Nonetheless, the bill for this major decline has now come due. 

Of course now that the light is shining brightly upon them, city leaders are now desperately trying to hire new officers.  But where applications used to be counted in the hundreds, they are now counted in the tens. We will see how that works out.  You can't have a handful of applications for 25 jobs and expect it to end well.

And there is a leadership crisis at the police station.  Command staff have found it better to leave than stay given the prevailing negative attitudes about police and devastating force shortages.  Morale is low.

The second antidote, then, is that the city desperately needs leaders who tangibly express real support for the police, not half-hearted support because of political necessity or convenience.

And the most meaningful way to show that support is to back the police when they do the kind of proactive policing -- including traffic stops -- that effectively remove guns from the street and lock offenders in jail.

I have heard many people protest the measures I am suggesting because they say that "you can't jail your way out of the problem".

Well, I disagree with such a broad and indiscriminate statement.

Maybe you can't solve every societal problem that makes the shooters shoot, but you can sure make a serious and meaningful dent in the problem that makes a difference to potential victims.

Here is a relevant example of what I mean.

In 1993 new president Bill Clinton faced a massive violent crime problem. The national crime rate per 100,000 citizens for murder, rape, robbery and aggravated assault nearly quadrupled between 1960 and 1992.

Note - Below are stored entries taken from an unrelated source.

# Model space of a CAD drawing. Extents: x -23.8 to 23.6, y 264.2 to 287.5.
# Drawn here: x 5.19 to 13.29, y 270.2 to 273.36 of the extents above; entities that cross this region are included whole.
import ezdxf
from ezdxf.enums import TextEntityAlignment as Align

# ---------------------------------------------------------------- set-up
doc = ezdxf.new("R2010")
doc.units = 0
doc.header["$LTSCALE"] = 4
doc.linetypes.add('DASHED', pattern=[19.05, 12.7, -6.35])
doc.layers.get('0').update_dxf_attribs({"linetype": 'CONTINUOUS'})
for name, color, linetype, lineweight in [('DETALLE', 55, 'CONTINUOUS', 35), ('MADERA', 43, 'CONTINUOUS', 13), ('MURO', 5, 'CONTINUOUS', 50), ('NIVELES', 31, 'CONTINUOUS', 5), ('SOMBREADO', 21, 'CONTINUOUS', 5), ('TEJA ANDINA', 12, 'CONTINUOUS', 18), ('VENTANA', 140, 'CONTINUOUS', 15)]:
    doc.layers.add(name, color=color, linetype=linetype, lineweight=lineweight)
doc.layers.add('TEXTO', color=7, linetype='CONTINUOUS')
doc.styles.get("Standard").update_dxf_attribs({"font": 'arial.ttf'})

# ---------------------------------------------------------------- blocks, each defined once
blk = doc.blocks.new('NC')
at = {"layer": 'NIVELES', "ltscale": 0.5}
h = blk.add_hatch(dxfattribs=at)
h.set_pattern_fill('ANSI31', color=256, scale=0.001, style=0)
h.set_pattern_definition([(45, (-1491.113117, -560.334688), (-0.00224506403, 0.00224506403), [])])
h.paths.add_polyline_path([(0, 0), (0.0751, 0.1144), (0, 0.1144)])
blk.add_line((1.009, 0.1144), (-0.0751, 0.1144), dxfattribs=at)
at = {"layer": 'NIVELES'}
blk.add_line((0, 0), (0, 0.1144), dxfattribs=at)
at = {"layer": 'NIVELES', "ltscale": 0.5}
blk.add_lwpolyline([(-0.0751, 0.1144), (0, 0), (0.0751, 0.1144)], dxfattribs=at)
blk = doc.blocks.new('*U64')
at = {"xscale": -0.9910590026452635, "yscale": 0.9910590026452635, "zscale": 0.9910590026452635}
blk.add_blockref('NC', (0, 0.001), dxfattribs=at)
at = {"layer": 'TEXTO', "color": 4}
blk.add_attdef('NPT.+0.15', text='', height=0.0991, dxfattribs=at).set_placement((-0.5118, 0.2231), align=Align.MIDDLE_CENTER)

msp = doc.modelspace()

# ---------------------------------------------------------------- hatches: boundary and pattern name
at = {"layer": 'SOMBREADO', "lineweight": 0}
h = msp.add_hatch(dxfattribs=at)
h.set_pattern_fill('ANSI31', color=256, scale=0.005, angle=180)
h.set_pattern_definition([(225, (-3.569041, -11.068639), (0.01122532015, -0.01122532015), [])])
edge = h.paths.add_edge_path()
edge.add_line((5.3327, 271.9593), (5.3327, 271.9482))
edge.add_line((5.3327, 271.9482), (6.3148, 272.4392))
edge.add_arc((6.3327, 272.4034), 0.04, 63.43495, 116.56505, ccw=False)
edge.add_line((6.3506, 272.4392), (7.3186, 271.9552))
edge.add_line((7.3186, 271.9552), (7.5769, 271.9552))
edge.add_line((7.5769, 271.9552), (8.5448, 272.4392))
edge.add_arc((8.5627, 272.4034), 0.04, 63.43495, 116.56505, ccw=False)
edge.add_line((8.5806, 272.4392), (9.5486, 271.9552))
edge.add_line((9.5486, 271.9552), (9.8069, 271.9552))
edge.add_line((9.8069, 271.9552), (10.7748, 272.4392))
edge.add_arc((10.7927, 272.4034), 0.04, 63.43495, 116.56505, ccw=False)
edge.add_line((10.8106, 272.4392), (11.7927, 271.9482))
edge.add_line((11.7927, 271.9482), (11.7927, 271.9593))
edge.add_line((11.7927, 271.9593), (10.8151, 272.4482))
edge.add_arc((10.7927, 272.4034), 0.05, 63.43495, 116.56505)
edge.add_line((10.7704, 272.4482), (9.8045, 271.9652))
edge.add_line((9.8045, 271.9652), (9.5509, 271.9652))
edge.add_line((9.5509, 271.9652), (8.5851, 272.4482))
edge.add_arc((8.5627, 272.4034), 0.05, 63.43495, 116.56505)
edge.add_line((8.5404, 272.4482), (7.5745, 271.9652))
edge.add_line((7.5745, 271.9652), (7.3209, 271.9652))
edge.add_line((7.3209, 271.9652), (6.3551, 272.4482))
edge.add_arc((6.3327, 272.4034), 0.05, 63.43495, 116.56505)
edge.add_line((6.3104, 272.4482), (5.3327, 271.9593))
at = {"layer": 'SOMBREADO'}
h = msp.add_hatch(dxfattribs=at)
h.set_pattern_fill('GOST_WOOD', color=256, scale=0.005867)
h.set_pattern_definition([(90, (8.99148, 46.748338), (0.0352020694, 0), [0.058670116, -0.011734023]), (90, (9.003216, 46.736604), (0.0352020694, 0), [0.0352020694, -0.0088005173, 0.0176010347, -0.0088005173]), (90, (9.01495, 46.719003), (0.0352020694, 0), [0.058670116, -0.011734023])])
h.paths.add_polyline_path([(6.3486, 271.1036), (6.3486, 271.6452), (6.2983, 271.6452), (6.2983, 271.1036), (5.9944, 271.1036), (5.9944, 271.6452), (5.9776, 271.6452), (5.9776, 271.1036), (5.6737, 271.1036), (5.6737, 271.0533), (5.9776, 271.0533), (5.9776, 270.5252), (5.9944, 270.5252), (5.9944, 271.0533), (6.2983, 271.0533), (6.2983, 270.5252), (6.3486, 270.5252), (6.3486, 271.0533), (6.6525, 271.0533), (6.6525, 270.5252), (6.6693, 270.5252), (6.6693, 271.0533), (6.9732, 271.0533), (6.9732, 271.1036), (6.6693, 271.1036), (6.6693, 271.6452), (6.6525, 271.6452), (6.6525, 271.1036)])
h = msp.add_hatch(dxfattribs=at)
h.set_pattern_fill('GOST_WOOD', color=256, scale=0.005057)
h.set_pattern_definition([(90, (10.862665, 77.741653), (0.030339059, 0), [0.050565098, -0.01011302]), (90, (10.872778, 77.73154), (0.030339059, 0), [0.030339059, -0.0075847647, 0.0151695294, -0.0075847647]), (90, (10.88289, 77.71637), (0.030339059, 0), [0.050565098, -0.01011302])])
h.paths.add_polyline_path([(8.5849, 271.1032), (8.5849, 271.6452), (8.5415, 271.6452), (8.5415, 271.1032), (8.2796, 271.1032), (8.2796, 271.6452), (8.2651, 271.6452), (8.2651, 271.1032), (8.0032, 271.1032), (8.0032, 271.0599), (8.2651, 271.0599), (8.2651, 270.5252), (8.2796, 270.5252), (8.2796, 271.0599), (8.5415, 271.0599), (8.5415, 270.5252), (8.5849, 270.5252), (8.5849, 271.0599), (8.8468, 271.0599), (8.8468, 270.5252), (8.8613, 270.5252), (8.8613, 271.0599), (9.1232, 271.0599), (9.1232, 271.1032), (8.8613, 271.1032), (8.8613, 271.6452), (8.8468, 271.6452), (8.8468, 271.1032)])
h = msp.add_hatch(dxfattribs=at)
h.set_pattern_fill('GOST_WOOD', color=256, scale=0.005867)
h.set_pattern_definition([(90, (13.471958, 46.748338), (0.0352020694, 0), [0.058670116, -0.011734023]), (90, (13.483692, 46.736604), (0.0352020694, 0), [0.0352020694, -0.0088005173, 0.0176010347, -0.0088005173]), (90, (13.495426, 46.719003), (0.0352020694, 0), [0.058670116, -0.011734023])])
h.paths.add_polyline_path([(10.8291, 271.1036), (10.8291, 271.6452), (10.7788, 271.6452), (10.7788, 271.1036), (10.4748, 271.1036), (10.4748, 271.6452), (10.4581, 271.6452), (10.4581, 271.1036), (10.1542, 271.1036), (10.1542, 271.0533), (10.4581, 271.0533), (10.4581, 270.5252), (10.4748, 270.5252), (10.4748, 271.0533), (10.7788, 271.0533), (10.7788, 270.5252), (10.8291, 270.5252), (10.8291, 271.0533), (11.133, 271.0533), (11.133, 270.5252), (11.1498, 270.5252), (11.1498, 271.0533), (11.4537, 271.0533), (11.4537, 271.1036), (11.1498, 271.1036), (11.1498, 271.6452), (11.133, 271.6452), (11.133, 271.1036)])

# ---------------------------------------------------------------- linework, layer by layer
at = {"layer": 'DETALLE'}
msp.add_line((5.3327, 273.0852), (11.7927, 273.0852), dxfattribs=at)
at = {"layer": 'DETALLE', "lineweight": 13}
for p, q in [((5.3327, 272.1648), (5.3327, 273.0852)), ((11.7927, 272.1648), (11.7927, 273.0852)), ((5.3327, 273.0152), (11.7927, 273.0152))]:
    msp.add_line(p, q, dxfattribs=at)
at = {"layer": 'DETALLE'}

In response, congress passed, and Clinton signed, the Violent Crime Control and Law Enforcement Act of 1994.  The "Crime Bill" supported and funded tough law enforcement and prosecution measures and tough sentences for violent criminals, particularly ones with long criminal histories.

After the bill’s passage, and the passage of similar laws by the states, the violent crime rate was cut in half within 20 years.

What does that mean other than being an impressive statistic?

In terms of the lives of real people, if the 1994 crime rate had gone unaddressed and had persisted 20 years later, a shocking 14,300 more citizens would have been killed in 2014 alone, and 41,000 more women would have been raped. 

Protecting these lives was an undeniable real-life benefit of the crime bill.  It is an overwhelming case against those vocal activists who vehemently argue that "prison does no good".  Well, prison does do good because it unequivocally denies violent criminals the opportunity to kill and rape innocents.

At this point in our local tragedy, we have to hope that the Champaign police can rapidly ramp up their numbers with fully trained and competent new officers. 

However, equally important is that our leaders must also genuinely recognize the value of our police.  They need to actually  "have their backs".  They need to regularly and publicly give them the moral support they need to keep us safe and to save lives. 

But if their ideology, as was so disgustingly displayed by Beck and Foellmer, prevents them from doing so, they need to get out of the way so others can do it for them... and for us.